How to protect yourself

There are specific ways that you can detect and prevent phishing and spearphishing attacks.

“Never share personal or financial information on social media, email or in response to a phone call,” Robles says. He also stresses that government entities or related processes rarely engage an individual via email or by phone and usually use postal mail. “Know for certain who you are speaking to or communicating with and validate their intent and their organization by looking up official phone numbers and/or communication protocol.

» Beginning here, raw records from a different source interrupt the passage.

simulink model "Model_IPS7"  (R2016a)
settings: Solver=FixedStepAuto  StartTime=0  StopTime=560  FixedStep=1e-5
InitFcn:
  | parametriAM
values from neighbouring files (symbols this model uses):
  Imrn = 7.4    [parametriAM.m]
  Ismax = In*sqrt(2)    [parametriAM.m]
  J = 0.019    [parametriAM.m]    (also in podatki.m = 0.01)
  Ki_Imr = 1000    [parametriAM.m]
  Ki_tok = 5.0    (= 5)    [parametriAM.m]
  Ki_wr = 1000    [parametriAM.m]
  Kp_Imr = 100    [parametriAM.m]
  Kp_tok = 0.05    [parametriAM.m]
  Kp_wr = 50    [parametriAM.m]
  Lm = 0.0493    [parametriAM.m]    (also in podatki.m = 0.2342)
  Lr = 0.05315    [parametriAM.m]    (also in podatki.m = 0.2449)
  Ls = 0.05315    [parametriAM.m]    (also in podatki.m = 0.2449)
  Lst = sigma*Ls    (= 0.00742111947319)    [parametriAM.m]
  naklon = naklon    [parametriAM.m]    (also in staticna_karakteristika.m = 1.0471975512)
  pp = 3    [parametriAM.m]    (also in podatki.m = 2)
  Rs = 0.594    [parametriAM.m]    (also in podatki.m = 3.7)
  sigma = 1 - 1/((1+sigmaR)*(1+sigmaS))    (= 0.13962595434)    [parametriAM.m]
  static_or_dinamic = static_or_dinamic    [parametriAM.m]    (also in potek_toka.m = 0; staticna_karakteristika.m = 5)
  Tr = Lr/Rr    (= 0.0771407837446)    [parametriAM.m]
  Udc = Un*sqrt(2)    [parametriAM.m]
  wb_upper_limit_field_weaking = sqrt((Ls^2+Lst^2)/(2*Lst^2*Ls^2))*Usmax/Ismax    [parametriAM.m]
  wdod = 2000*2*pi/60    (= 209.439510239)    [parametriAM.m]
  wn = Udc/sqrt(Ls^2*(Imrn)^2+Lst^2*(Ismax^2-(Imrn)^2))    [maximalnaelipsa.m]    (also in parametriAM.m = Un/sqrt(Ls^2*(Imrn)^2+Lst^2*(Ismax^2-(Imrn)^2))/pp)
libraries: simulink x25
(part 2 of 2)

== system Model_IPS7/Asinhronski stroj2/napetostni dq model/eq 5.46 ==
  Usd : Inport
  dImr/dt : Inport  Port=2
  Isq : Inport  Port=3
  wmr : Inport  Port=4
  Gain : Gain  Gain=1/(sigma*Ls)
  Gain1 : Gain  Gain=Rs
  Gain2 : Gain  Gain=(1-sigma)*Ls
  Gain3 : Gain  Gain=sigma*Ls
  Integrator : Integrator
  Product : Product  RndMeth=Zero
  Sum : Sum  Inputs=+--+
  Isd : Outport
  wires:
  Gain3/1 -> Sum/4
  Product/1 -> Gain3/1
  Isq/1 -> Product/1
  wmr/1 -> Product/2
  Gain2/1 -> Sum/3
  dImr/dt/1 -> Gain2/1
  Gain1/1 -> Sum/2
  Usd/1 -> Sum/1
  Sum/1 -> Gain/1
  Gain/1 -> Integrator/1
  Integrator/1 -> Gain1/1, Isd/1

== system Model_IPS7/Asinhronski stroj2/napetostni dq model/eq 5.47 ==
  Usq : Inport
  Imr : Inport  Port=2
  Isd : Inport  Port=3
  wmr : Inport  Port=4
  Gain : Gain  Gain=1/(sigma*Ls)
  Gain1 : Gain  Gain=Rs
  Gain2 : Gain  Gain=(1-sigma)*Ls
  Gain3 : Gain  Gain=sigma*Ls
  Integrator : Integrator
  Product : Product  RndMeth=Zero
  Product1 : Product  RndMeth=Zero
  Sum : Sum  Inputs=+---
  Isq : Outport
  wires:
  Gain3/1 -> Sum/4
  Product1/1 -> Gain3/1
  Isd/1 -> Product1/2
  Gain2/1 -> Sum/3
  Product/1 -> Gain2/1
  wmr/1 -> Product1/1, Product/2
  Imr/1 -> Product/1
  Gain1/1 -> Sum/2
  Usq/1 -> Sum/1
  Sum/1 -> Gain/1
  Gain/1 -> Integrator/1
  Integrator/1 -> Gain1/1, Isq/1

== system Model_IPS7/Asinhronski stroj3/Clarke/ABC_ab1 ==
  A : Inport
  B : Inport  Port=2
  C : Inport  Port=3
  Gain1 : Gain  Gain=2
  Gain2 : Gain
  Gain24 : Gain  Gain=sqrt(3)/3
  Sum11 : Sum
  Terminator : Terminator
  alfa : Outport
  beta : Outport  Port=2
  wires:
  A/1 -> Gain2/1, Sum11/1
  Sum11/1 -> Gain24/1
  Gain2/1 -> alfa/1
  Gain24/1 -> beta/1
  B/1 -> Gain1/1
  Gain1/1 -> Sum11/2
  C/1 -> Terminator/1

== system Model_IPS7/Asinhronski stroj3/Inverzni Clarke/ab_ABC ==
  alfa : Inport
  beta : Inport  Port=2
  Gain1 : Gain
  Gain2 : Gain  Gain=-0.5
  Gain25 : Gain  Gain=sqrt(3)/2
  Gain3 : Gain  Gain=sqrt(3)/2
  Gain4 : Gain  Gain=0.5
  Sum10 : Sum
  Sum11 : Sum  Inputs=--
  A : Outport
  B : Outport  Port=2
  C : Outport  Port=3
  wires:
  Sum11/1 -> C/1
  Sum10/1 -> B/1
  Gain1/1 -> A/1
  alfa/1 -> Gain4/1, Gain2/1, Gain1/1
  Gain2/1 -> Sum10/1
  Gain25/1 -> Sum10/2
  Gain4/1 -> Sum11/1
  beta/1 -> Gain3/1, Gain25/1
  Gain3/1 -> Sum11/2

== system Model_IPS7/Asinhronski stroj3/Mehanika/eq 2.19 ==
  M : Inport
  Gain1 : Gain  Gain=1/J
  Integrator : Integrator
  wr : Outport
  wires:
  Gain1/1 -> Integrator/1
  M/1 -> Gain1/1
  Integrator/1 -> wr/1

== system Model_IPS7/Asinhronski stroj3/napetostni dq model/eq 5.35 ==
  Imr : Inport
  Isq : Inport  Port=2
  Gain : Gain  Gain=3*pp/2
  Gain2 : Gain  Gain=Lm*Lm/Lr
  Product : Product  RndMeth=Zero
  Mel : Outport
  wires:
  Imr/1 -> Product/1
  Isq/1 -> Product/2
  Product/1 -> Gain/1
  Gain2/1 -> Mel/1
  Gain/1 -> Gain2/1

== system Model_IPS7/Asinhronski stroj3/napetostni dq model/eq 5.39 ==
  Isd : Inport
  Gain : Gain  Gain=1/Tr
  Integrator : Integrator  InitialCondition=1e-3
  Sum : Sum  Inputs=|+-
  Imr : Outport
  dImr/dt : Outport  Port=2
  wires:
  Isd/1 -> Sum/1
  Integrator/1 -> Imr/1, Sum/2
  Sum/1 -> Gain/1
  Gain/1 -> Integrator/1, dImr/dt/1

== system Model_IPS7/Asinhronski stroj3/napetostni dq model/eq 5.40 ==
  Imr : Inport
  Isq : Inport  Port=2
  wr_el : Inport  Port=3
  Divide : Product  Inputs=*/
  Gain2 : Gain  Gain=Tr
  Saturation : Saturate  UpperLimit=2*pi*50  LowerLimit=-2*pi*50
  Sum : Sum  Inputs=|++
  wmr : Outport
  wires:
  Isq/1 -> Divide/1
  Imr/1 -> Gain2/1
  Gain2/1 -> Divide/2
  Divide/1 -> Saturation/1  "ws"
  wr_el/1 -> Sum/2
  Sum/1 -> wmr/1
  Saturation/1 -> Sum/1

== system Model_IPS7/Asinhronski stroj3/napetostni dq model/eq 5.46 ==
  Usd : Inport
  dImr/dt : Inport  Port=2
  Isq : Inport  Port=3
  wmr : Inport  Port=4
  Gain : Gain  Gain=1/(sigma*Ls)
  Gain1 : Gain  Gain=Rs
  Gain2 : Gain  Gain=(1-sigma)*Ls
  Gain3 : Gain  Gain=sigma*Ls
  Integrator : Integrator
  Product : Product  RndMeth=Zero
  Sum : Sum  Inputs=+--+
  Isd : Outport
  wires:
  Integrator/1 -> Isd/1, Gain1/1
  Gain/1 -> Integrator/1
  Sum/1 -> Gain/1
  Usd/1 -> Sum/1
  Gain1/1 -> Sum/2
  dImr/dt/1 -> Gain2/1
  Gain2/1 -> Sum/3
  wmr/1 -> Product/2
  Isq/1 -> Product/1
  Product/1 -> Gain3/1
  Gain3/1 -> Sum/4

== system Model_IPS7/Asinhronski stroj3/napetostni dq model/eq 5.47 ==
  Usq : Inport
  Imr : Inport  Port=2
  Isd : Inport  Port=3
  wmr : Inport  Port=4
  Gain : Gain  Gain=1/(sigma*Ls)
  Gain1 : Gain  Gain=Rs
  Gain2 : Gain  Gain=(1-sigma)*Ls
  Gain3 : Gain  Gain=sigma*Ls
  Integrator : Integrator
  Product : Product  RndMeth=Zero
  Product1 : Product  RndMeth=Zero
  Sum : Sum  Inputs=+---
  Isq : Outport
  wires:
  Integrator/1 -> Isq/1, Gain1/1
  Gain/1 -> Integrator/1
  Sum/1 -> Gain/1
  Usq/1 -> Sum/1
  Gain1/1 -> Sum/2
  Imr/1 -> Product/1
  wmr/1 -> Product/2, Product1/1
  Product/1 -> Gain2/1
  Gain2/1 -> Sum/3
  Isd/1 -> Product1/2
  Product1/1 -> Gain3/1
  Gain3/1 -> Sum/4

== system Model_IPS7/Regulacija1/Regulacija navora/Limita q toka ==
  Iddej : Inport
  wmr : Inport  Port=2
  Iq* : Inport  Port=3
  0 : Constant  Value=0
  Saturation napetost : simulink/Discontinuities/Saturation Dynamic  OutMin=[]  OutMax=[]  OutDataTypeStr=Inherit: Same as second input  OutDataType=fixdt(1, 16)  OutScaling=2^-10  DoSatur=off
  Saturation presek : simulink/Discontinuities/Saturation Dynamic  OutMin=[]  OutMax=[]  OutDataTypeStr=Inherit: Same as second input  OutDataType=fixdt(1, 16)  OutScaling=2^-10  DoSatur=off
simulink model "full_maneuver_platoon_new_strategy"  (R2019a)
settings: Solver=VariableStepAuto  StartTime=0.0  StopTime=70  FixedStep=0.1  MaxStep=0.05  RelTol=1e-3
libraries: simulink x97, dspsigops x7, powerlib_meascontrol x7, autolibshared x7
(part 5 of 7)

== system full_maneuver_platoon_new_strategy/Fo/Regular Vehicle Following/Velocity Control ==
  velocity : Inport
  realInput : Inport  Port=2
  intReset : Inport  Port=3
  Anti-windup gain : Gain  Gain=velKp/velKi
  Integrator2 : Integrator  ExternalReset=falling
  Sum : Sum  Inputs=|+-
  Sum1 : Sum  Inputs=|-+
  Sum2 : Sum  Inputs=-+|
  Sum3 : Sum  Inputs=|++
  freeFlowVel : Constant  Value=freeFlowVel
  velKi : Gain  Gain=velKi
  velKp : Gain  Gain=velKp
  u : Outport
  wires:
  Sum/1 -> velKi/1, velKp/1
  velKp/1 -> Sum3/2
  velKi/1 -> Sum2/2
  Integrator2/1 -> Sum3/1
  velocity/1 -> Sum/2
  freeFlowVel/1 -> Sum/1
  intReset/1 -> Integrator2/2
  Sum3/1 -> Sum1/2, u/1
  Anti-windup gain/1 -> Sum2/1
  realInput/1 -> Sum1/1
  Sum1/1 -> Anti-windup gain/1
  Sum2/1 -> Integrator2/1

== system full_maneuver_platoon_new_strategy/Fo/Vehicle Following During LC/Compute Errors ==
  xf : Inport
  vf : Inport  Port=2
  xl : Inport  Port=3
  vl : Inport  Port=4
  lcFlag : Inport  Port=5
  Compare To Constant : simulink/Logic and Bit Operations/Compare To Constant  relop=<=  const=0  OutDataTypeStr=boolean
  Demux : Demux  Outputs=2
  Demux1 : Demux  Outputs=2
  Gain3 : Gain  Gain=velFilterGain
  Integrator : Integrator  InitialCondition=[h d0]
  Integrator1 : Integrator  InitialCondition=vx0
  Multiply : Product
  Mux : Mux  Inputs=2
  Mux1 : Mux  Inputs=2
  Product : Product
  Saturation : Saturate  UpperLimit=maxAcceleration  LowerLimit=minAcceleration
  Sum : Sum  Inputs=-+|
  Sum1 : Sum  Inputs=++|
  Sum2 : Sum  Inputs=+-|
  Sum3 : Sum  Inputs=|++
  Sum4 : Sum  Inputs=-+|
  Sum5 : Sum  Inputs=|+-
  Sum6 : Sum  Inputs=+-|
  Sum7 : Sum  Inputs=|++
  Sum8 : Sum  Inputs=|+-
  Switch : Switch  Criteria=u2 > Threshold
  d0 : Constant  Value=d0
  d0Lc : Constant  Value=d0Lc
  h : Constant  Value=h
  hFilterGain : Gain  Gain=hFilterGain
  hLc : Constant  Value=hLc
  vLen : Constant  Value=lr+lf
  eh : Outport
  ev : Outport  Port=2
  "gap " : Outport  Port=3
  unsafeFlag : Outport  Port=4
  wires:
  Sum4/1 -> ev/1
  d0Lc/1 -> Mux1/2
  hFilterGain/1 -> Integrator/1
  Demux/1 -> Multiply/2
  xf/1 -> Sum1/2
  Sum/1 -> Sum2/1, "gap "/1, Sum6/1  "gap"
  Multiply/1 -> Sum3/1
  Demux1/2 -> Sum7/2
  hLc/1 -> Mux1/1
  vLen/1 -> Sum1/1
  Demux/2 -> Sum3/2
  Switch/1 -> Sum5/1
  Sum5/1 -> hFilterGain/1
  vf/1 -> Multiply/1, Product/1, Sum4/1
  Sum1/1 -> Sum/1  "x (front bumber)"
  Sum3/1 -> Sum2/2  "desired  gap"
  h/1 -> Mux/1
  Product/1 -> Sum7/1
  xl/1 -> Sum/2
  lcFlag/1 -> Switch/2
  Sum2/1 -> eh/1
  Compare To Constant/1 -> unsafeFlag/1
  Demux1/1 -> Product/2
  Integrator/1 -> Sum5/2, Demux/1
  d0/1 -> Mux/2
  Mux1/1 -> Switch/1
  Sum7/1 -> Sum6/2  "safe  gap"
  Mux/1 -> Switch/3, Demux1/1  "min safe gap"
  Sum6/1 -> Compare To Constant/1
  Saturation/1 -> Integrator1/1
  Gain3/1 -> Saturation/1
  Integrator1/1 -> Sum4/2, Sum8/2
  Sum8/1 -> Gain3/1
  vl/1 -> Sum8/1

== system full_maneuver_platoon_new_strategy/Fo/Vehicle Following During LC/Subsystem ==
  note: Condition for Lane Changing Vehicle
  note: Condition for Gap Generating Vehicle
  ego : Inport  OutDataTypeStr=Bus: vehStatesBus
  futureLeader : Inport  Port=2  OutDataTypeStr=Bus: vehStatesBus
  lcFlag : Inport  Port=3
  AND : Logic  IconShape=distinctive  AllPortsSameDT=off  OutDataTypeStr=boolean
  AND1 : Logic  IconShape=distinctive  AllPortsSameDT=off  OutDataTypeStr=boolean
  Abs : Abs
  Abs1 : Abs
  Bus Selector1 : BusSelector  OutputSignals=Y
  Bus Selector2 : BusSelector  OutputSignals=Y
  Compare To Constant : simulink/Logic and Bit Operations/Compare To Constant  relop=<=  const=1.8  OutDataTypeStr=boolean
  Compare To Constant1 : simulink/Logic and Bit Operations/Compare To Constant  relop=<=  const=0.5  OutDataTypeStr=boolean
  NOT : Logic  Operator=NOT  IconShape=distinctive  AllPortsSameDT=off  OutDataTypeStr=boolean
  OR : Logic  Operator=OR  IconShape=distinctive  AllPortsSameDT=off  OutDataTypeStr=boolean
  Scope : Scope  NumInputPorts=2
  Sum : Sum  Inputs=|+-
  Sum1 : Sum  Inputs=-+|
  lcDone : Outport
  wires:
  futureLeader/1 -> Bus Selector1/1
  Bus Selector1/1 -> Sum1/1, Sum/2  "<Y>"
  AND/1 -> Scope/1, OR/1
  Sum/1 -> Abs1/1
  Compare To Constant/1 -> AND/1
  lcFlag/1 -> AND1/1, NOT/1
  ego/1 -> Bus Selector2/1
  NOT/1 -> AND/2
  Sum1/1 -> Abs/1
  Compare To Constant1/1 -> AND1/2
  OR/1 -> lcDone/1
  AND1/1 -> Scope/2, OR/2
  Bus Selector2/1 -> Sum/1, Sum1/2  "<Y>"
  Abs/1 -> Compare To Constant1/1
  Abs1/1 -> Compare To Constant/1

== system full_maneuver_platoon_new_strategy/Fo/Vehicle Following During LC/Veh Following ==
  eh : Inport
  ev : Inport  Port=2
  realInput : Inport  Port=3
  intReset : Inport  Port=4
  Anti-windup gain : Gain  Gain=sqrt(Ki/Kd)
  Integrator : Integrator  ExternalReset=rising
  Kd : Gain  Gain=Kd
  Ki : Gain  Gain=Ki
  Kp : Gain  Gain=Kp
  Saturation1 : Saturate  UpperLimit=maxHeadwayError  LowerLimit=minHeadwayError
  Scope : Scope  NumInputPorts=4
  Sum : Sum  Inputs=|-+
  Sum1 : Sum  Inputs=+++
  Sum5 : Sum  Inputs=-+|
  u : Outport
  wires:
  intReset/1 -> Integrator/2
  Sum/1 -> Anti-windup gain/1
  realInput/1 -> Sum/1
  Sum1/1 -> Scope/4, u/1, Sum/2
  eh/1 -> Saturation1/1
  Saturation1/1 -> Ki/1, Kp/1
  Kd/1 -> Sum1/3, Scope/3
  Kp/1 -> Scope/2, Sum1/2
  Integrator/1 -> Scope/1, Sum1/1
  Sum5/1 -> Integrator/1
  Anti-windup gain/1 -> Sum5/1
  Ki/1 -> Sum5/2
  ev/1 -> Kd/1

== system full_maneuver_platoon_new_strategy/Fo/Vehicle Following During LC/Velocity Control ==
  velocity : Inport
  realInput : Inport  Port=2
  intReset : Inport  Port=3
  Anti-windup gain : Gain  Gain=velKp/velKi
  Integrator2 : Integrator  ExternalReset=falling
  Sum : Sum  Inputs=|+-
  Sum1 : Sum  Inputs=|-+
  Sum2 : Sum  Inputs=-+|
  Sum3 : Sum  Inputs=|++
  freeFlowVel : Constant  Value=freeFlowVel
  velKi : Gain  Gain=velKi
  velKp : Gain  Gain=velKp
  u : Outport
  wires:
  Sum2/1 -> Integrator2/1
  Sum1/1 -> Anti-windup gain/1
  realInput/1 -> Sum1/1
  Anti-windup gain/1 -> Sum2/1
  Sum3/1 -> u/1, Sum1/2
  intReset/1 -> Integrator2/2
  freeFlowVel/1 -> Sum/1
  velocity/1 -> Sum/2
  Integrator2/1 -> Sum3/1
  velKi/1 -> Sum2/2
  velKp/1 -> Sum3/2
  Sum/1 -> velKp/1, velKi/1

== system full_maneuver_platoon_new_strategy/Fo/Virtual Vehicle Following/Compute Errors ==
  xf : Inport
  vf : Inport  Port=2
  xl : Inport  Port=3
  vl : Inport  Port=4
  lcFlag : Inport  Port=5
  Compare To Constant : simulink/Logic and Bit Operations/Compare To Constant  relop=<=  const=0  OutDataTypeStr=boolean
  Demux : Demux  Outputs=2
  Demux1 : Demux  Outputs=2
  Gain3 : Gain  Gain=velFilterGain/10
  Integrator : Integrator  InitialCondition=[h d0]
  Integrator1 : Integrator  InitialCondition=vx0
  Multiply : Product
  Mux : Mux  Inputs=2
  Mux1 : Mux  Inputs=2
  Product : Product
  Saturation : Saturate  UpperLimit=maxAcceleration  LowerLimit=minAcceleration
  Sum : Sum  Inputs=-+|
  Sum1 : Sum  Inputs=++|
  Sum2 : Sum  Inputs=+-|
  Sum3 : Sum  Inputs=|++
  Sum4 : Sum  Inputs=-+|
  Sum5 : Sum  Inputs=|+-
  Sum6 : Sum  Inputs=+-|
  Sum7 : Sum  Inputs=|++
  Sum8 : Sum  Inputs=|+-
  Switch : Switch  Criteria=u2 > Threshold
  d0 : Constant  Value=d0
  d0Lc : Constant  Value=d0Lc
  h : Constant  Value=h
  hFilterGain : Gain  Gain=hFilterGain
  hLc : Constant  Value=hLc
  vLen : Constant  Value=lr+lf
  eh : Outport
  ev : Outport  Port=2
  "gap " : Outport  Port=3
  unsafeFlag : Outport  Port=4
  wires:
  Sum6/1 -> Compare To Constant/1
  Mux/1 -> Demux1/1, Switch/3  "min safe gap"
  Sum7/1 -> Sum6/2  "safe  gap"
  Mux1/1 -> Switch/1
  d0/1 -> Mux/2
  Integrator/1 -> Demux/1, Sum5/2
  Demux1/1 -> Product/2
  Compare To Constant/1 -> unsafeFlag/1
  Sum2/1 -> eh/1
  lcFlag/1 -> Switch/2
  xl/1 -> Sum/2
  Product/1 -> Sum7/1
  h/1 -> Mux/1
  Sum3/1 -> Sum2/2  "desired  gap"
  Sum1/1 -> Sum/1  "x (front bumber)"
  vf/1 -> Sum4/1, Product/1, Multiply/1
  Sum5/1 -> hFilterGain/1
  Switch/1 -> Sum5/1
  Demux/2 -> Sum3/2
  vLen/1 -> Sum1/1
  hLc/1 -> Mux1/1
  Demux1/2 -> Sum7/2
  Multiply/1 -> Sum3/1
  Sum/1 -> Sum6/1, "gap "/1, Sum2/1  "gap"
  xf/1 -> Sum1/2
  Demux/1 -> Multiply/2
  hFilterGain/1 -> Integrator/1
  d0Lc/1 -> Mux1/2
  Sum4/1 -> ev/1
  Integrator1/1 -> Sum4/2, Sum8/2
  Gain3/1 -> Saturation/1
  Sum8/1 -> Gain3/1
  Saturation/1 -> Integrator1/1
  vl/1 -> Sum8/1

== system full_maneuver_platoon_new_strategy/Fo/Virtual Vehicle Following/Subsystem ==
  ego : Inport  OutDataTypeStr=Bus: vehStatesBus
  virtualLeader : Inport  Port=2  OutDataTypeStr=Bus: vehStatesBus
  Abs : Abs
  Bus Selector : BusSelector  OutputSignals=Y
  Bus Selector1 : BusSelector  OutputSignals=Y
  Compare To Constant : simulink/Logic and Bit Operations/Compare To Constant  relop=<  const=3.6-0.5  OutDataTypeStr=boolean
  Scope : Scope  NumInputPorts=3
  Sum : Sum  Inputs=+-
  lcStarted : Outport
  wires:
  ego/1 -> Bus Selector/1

Ask for a number to return the call and confirm the information with the information you find online.”

“Is the email too good to be true and asking for personal information?” Bullock says. “Does it contain misspelled words or use poor grammar?” These are some of the questions you should ask yourself before placing trust in the sender of an email.

Bullock also mentions additional measures such as making sure the “reply to” matches the “from” field and hovering over any links to make sure they match the organization. “Of course, this won’t protect you from the really targeted ones,” he reminds. “So, overall, you should click on nothing and go old school and call the actual group or person or go through their official website in the case of an organization.”

Beyond emails, you should engage in basic cyber-hygiene, often-overlooked measures that can fend off most attacks, such as keeping your operating system and antivirus software up-to-date, using strong passwords and multifactor authentication on your online accounts, and encrypting your data. A defense strategy founded on sound judgment and best security practices can make it harder for hackers to reach their goal.